5.11 Glossary of Terms

  1. Anti Join: A join that returns rows from the left dataset that have no match in the right dataset, keeping only left columns.

  2. Data Cleaning: The process of identifying and correcting errors, inconsistencies, missing values, and duplicates in a dataset to improve data quality.

  3. Data Dictionary: A document describing every variable in a dataset — its name, data type, units, allowed values, and plain-language definition. Also called a codebook.

  4. Data Frame: R’s primary structure for tabular data, consisting of columns (variables) of equal length.

  5. Data Tidying: The practice of structuring a dataset so that each variable forms a column, each observation forms a row, and each value occupies a single cell.

  6. dplyr: A tidyverse package providing a consistent set of “verbs” for data manipulation, including filter(), select(), mutate(), summarize(), and group_by().

  7. Duplicate: A row in a dataset that is identical to another row across all columns. Duplicates should be investigated and, if confirmed as errors, removed with distinct(). Some duplicates may represent legitimate repeated measurements.

  8. Full Join: A join that returns all rows from both datasets, filling unmatched values with NA.

  9. group_by(): A dplyr function that segments a data frame into groups based on one or more variables, so that subsequent operations (like summarize()) are computed within each group.

  10. Imputation: The practice of replacing missing values with estimated values (e.g., the mean or median) rather than removing the affected rows.

  11. Inner Join: A join that returns only rows with matching values in both datasets.

  12. Left Join: A join that returns all rows from the left dataset, with matching rows from the right dataset. Unmatched rows have NA in the right columns.

  13. Messy Data: Any dataset arrangement that violates the principles of tidy data. Common forms include variables stored in rows, multiple variables in a single column, or values spread across column names.

  14. Missing Value (NA): R’s representation of a missing or unavailable data point. Functions like mean() return NA by default when input contains missing values unless na.rm = TRUE is specified.

  15. Pipe Operator (|>): An operator that passes the result of one expression as the first argument to the next function, enabling readable chains of data operations.

  16. pivot_longer(): A tidyr function that transforms data from wide format to long format by gathering column names into a variable column and their values into a value column.

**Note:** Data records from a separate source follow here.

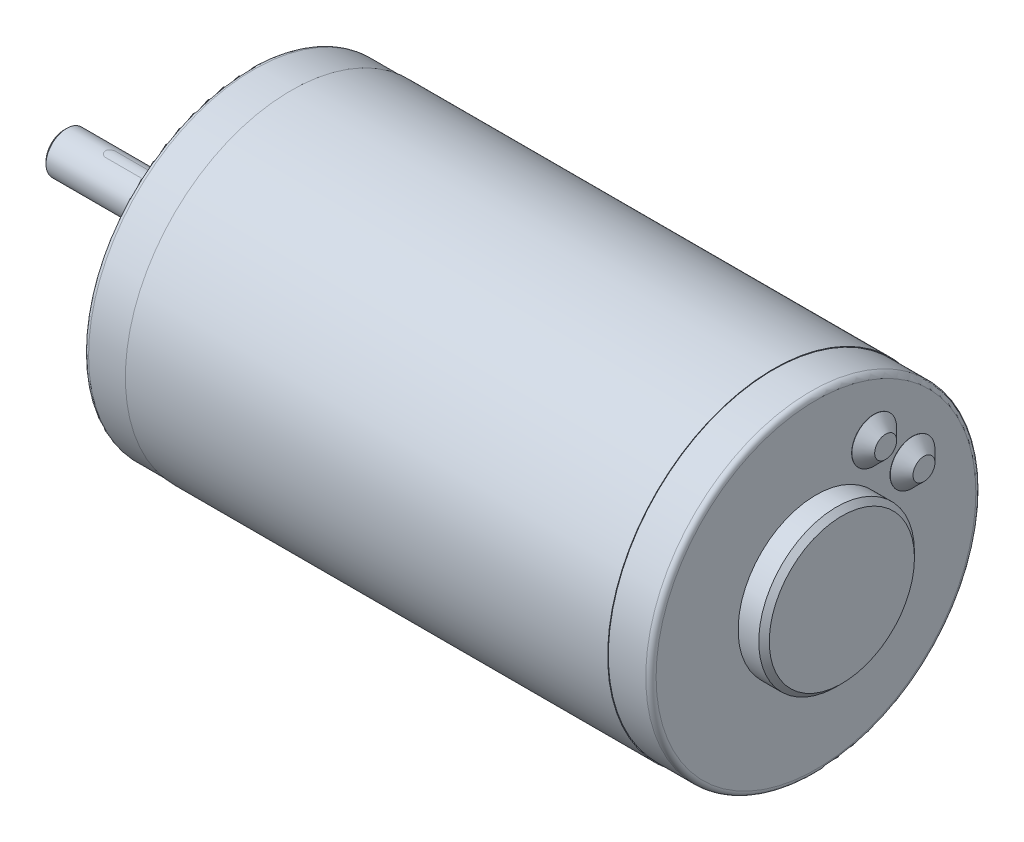
ISO-10303-21;
HEADER;
FILE_DESCRIPTION(('STEP AP214'),'2;1');
FILE_NAME('part.step','',(''),(''),'','','');
FILE_SCHEMA(('AUTOMOTIVE_DESIGN { 1 0 10303 214 1 1 1 1 }'));
ENDSEC;
DATA;
#1=APPLICATION_CONTEXT('core data for automotive mechanical design processes');
#2=APPLICATION_PROTOCOL_DEFINITION('international standard','automotive_design',2000,#1);
#3=PRODUCT_CONTEXT('',#1,'mechanical');
#4=PRODUCT('Part','Part','',(#3));
#5=PRODUCT_RELATED_PRODUCT_CATEGORY('part','',(#4));
#6=PRODUCT_DEFINITION_FORMATION('','',#4);
#7=PRODUCT_DEFINITION_CONTEXT('part definition',#1,'design');
#8=PRODUCT_DEFINITION('design','',#6,#7);
#9=PRODUCT_DEFINITION_SHAPE('','',#8);
#10=(LENGTH_UNIT() NAMED_UNIT(*) SI_UNIT(.MILLI.,.METRE.));
#11=(NAMED_UNIT(*) PLANE_ANGLE_UNIT() SI_UNIT($,.RADIAN.));
#12=(NAMED_UNIT(*) SI_UNIT($,.STERADIAN.) SOLID_ANGLE_UNIT());
#13=UNCERTAINTY_MEASURE_WITH_UNIT(LENGTH_MEASURE(1.E-05),#10,'distance_accuracy_value','');
#14=(GEOMETRIC_REPRESENTATION_CONTEXT(3) GLOBAL_UNCERTAINTY_ASSIGNED_CONTEXT((#13)) GLOBAL_UNIT_ASSIGNED_CONTEXT((#10,
#11,#12)) REPRESENTATION_CONTEXT('',''));
#15=CARTESIAN_POINT('',(0.,0.,0.));
#16=DIRECTION('',(0.,0.,1.));
#17=DIRECTION('',(1.,0.,0.));
#18=AXIS2_PLACEMENT_3D('',#15,#16,#17);
#19=CARTESIAN_POINT('',(-4.,0.,0.));
#20=DIRECTION('',(-1.,0.,0.));
#21=DIRECTION('',(0.,0.,1.));
#22=AXIS2_PLACEMENT_3D('',#19,#20,#21);
#23=PLANE('',#22);
#24=CARTESIAN_POINT('',(-4.,0.,0.));
#25=DIRECTION('',(-1.,0.,0.));
#26=DIRECTION('',(0.,0.,1.));
#27=AXIS2_PLACEMENT_3D('',#24,#25,#26);
#28=CIRCLE('',#27,8.50900000000004);
#29=CARTESIAN_POINT('',(-4.,0.,8.50900000000004));
#30=VERTEX_POINT('',#29);
#31=EDGE_CURVE('P0_E195',#30,#30,#28,.T.);
#32=ORIENTED_EDGE('',*,*,#31,.T.);
#33=EDGE_LOOP('',(#32));
#34=FACE_BOUND('',#33,.T.);
#35=CARTESIAN_POINT('',(-4.,0.,0.));
#36=DIRECTION('',(-1.,0.,0.));
#37=DIRECTION('',(0.,0.,1.));
#38=AXIS2_PLACEMENT_3D('',#35,#36,#37);
#39=CIRCLE('',#38,4.);
#40=CARTESIAN_POINT('',(-4.,0.,4.));
#41=VERTEX_POINT('',#40);
#42=EDGE_CURVE('P0_E121',#41,#41,#39,.T.);
#43=ORIENTED_EDGE('',*,*,#42,.F.);
#44=EDGE_LOOP('',(#43));
#45=FACE_BOUND('',#44,.T.);
#46=ADVANCED_FACE('P0_F38',(#34,#45),#23,.T.);
#47=CARTESIAN_POINT('',(0.,0.,0.));
#48=DIRECTION('',(-1.,0.,0.));
#49=DIRECTION('',(0.,0.,1.));
#50=AXIS2_PLACEMENT_3D('',#47,#48,#49);
#51=PLANE('',#50);
#52=CARTESIAN_POINT('',(0.,0.,0.));
#53=DIRECTION('',(-1.,0.,0.));
#54=DIRECTION('',(0.,0.,1.));
#55=AXIS2_PLACEMENT_3D('',#52,#53,#54);
#56=CIRCLE('',#55,30.877);
#57=CARTESIAN_POINT('',(0.,0.,30.877));
#58=VERTEX_POINT('',#57);
#59=EDGE_CURVE('P0_E46',#58,#58,#56,.T.);
#60=ORIENTED_EDGE('',*,*,#59,.T.);
#61=EDGE_LOOP('',(#60));
#62=FACE_BOUND('',#61,.T.);
#63=CARTESIAN_POINT('',(0.,25.4,0.));
#64=DIRECTION('',(-1.,0.,0.));
#65=DIRECTION('',(0.,0.,1.));
#66=AXIS2_PLACEMENT_3D('',#63,#64,#65);
#67=CIRCLE('',#66,2.01929999999999);
#68=CARTESIAN_POINT('',(0.,25.4,2.01929999999999));
#69=VERTEX_POINT('',#68);
#70=EDGE_CURVE('P0_E95',#69,#69,#67,.T.);
#71=ORIENTED_EDGE('',*,*,#70,.F.);
#72=EDGE_LOOP('',(#71));
#73=FACE_BOUND('',#72,.T.);
#74=CARTESIAN_POINT('',(0.,-25.4,0.));
#75=DIRECTION('',(-1.,0.,0.));
#76=DIRECTION('',(0.,0.,1.));
#77=AXIS2_PLACEMENT_3D('',#74,#75,#76);
#78=CIRCLE('',#77,2.01929999999999);
#79=CARTESIAN_POINT('',(0.,-25.4,2.01929999999999));
#80=VERTEX_POINT('',#79);
#81=EDGE_CURVE('P0_E94',#80,#80,#78,.T.);
#82=ORIENTED_EDGE('',*,*,#81,.F.);
#83=EDGE_LOOP('',(#82));
#84=FACE_BOUND('',#83,.T.);
#85=CARTESIAN_POINT('',(0.,0.,0.));
#86=DIRECTION('',(-1.,0.,0.));
#87=DIRECTION('',(0.,0.,1.));
#88=AXIS2_PLACEMENT_3D('',#85,#86,#87);
#89=CIRCLE('',#88,9.525);
#90=CARTESIAN_POINT('',(0.,0.,9.525));
#91=VERTEX_POINT('',#90);
#92=EDGE_CURVE('P0_E165',#91,#91,#89,.T.);
#93=ORIENTED_EDGE('',*,*,#92,.F.);
#94=EDGE_LOOP('',(#93));
#95=FACE_BOUND('',#94,.T.);
#96=ADVANCED_FACE('P0_F215',(#62,#73,#84,#95),#51,.T.);
#97=CARTESIAN_POINT('',(8.2296,32.004,0.));
#98=DIRECTION('',(-1.,0.,0.));
#99=DIRECTION('',(0.,0.,1.));
#100=AXIS2_PLACEMENT_3D('',#97,#98,#99);
#101=PLANE('',#100);
#102=CARTESIAN_POINT('',(8.2296,0.,0.));
#103=DIRECTION('',(1.,0.,0.));
#104=DIRECTION('',(0.,0.,-1.));
#105=AXIS2_PLACEMENT_3D('',#102,#103,#104);
#106=CIRCLE('',#105,32.004);
#107=CARTESIAN_POINT('',(8.2296,0.,-32.004));
#108=VERTEX_POINT('',#107);
#109=EDGE_CURVE('P0_E186',#108,#108,#106,.T.);
#110=ORIENTED_EDGE('',*,*,#109,.F.);
#111=EDGE_LOOP('',(#110));
#112=FACE_BOUND('',#111,.T.);
#113=CARTESIAN_POINT('',(8.2296,0.,0.));
#114=DIRECTION('',(-1.,0.,0.));
#115=DIRECTION('',(0.,0.,1.));
#116=AXIS2_PLACEMENT_3D('',#113,#114,#115);
#117=CIRCLE('',#116,31.877);
#118=CARTESIAN_POINT('',(8.2296,0.,31.877));
#119=VERTEX_POINT('',#118);
#120=EDGE_CURVE('P0_E168',#119,#119,#117,.T.);
#121=ORIENTED_EDGE('',*,*,#120,.F.);
#122=EDGE_LOOP('',(#121));
#123=FACE_BOUND('',#122,.T.);
#124=ADVANCED_FACE('P0_F233',(#112,#123),#101,.T.);
#125=CARTESIAN_POINT('',(109.6,0.,0.));
#126=DIRECTION('',(1.,0.,0.));
#127=DIRECTION('',(0.,0.,-1.));
#128=AXIS2_PLACEMENT_3D('',#125,#126,#127);
#129=PLANE('',#128);
#130=CARTESIAN_POINT('',(109.6,0.,0.));
#131=DIRECTION('',(1.,0.,0.));
#132=DIRECTION('',(0.,0.,-1.));
#133=AXIS2_PLACEMENT_3D('',#130,#131,#132);
#134=CIRCLE('',#133,30.877);
#135=CARTESIAN_POINT('',(109.6,0.,-30.877));
#136=VERTEX_POINT('',#135);
#137=EDGE_CURVE('P0_E207',#136,#136,#134,.T.);
#138=ORIENTED_EDGE('',*,*,#137,.T.);
#139=EDGE_LOOP('',(#138));
#140=FACE_BOUND('',#139,.T.);
#141=CARTESIAN_POINT('',(109.6,18.6070906828553,-11.2073596390943));
#142=DIRECTION('',(1.,0.,0.));
#143=DIRECTION('',(0.,0.,-1.));
#144=AXIS2_PLACEMENT_3D('',#141,#142,#143);
#145=CIRCLE('',#144,4.318);
#146=CARTESIAN_POINT('',(109.6,18.6070906828553,-15.5253596390943));
#147=VERTEX_POINT('',#146);
#148=EDGE_CURVE('P0_E192',#147,#147,#145,.T.);
#149=ORIENTED_EDGE('',*,*,#148,.F.);
#150=EDGE_LOOP('',(#149));
#151=FACE_BOUND('',#150,.T.);
#152=CARTESIAN_POINT('',(109.6,11.2073596390943,-18.6070906828553));
#153=DIRECTION('',(1.,0.,0.));
#154=DIRECTION('',(0.,0.,-1.));
#155=AXIS2_PLACEMENT_3D('',#152,#153,#154);
#156=CIRCLE('',#155,4.318);
#157=CARTESIAN_POINT('',(109.6,11.2073596390943,-22.9250906828553));
#158=VERTEX_POINT('',#157);
#159=EDGE_CURVE('P0_E189',#158,#158,#156,.T.);
#160=ORIENTED_EDGE('',*,*,#159,.F.);
#161=EDGE_LOOP('',(#160));
#162=FACE_BOUND('',#161,.T.);
#163=CARTESIAN_POINT('',(109.6,0.,0.));
#164=DIRECTION('',(1.,0.,0.));
#165=DIRECTION('',(0.,0.,-1.));
#166=AXIS2_PLACEMENT_3D('',#163,#164,#165);
#167=CIRCLE('',#166,15.0368);
#168=CARTESIAN_POINT('',(109.6,0.,-15.0368));
#169=VERTEX_POINT('',#168);
#170=EDGE_CURVE('P0_E174',#169,#169,#167,.T.);
#171=ORIENTED_EDGE('',*,*,#170,.F.);
#172=EDGE_LOOP('',(#171));
#173=FACE_BOUND('',#172,.T.);
#174=ADVANCED_FACE('P0_F261',(#140,#151,#162,#173),#129,.T.);
#175=CARTESIAN_POINT('',(101.3704,0.,0.));
#176=DIRECTION('',(1.,0.,0.));
#177=DIRECTION('',(0.,0.,-1.));
#178=AXIS2_PLACEMENT_3D('',#175,#176,#177);
#179=PLANE('',#178);
#180=CARTESIAN_POINT('',(101.3704,0.,0.));
#181=DIRECTION('',(1.,0.,0.));
#182=DIRECTION('',(0.,0.,-1.));
#183=AXIS2_PLACEMENT_3D('',#180,#181,#182);
#184=CIRCLE('',#183,32.004);
#185=CARTESIAN_POINT('',(101.3704,0.,-32.004));
#186=VERTEX_POINT('',#185);
#187=EDGE_CURVE('P0_E183',#186,#186,#184,.T.);
#188=ORIENTED_EDGE('',*,*,#187,.T.);
#189=EDGE_LOOP('',(#188));
#190=FACE_BOUND('',#189,.T.);
#191=CARTESIAN_POINT('',(101.3704,0.,0.));
#192=DIRECTION('',(1.,0.,0.));
#193=DIRECTION('',(0.,0.,-1.));
#194=AXIS2_PLACEMENT_3D('',#191,#192,#193);
#195=CIRCLE('',#194,31.877);
#196=CARTESIAN_POINT('',(101.3704,0.,-31.877));
#197=VERTEX_POINT('',#196);
#198=EDGE_CURVE('P0_E178',#197,#197,#195,.T.);
#199=ORIENTED_EDGE('',*,*,#198,.F.);
#200=EDGE_LOOP('',(#199));
#201=FACE_BOUND('',#200,.T.);
#202=ADVANCED_FACE('P0_F264',(#190,#201),#179,.T.);
#203=CARTESIAN_POINT('',(8.2296,0.,0.));
#204=DIRECTION('',(1.,0.,0.));
#205=DIRECTION('',(0.,0.,-1.));
#206=AXIS2_PLACEMENT_3D('',#203,#204,#205);
#207=CYLINDRICAL_SURFACE('',#206,32.004);
#208=ORIENTED_EDGE('',*,*,#109,.T.);
#209=EDGE_LOOP('',(#208));
#210=FACE_BOUND('',#209,.T.);
#211=ORIENTED_EDGE('',*,*,#187,.F.);
#212=EDGE_LOOP('',(#211));
#213=FACE_BOUND('',#212,.T.);
#214=ADVANCED_FACE('P0_F268',(#210,#213),#207,.T.);
#215=CARTESIAN_POINT('',(109.6,0.,0.));
#216=DIRECTION('',(-1.,0.,0.));
#217=DIRECTION('',(0.,0.,1.));
#218=AXIS2_PLACEMENT_3D('',#215,#216,#217);
#219=CYLINDRICAL_SURFACE('',#218,31.877);
#220=CARTESIAN_POINT('',(108.6,0.,0.));
#221=DIRECTION('',(1.,0.,0.));
#222=DIRECTION('',(0.,0.,-1.));
#223=AXIS2_PLACEMENT_3D('',#220,#221,#222);
#224=CIRCLE('',#223,31.877);
#225=CARTESIAN_POINT('',(108.6,0.,-31.877));
#226=VERTEX_POINT('',#225);
#227=EDGE_CURVE('P0_E210',#226,#226,#224,.F.);
#228=ORIENTED_EDGE('',*,*,#227,.T.);
#229=EDGE_LOOP('',(#228));
#230=FACE_BOUND('',#229,.T.);
#231=ORIENTED_EDGE('',*,*,#198,.T.);
#232=EDGE_LOOP('',(#231));
#233=FACE_BOUND('',#232,.T.);
#234=ADVANCED_FACE('P0_F259',(#230,#233),#219,.T.);
#235=CARTESIAN_POINT('',(113.584,0.,0.));
#236=DIRECTION('',(-1.,0.,0.));
#237=DIRECTION('',(0.,0.,1.));
#238=AXIS2_PLACEMENT_3D('',#235,#236,#237);
#239=CYLINDRICAL_SURFACE('',#238,15.0368);
#240=CARTESIAN_POINT('',(113.584,0.,0.));
#241=DIRECTION('',(1.,0.,0.));
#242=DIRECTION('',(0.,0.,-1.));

  17. pivot_wider(): A tidyr function that transforms data from long format to wide format by spreading a variable’s values across multiple columns.

  18. Reproducibility: The ability for others (or your future self) to re-run an analysis and obtain the same results. Achieved through organized project structure, documented code, and separation of raw and processed data.

  19. Right Join: A join that returns all rows from the right dataset, with matching rows from the left dataset.

  20. Semi Join: A join that returns rows from the left dataset that have a match in the right dataset, but includes only columns from the left dataset.

  21. SQL (Structured Query Language): The standard language for querying and manipulating data in relational databases. SQL operations like SELECT, WHERE, GROUP BY, and JOIN map directly to dplyr functions.

  22. Tidy Data: A dataset structured so that each variable forms a column, each observation forms a row, and each value occupies a single cell. This standard simplifies analysis in R’s tidyverse ecosystem.

  23. tidyr: A tidyverse package for reshaping data between wide and long formats using pivot_longer() and pivot_wider().

  24. Tidyverse: An ecosystem of R packages designed for data science, sharing a consistent philosophy, grammar, and data structure. Core packages include dplyr, tidyr, ggplot2, and readr.

  25. Validation: The process of checking that data values fall within expected ranges and conform to expected types, used to catch data entry errors and anomalies early in the preparation process.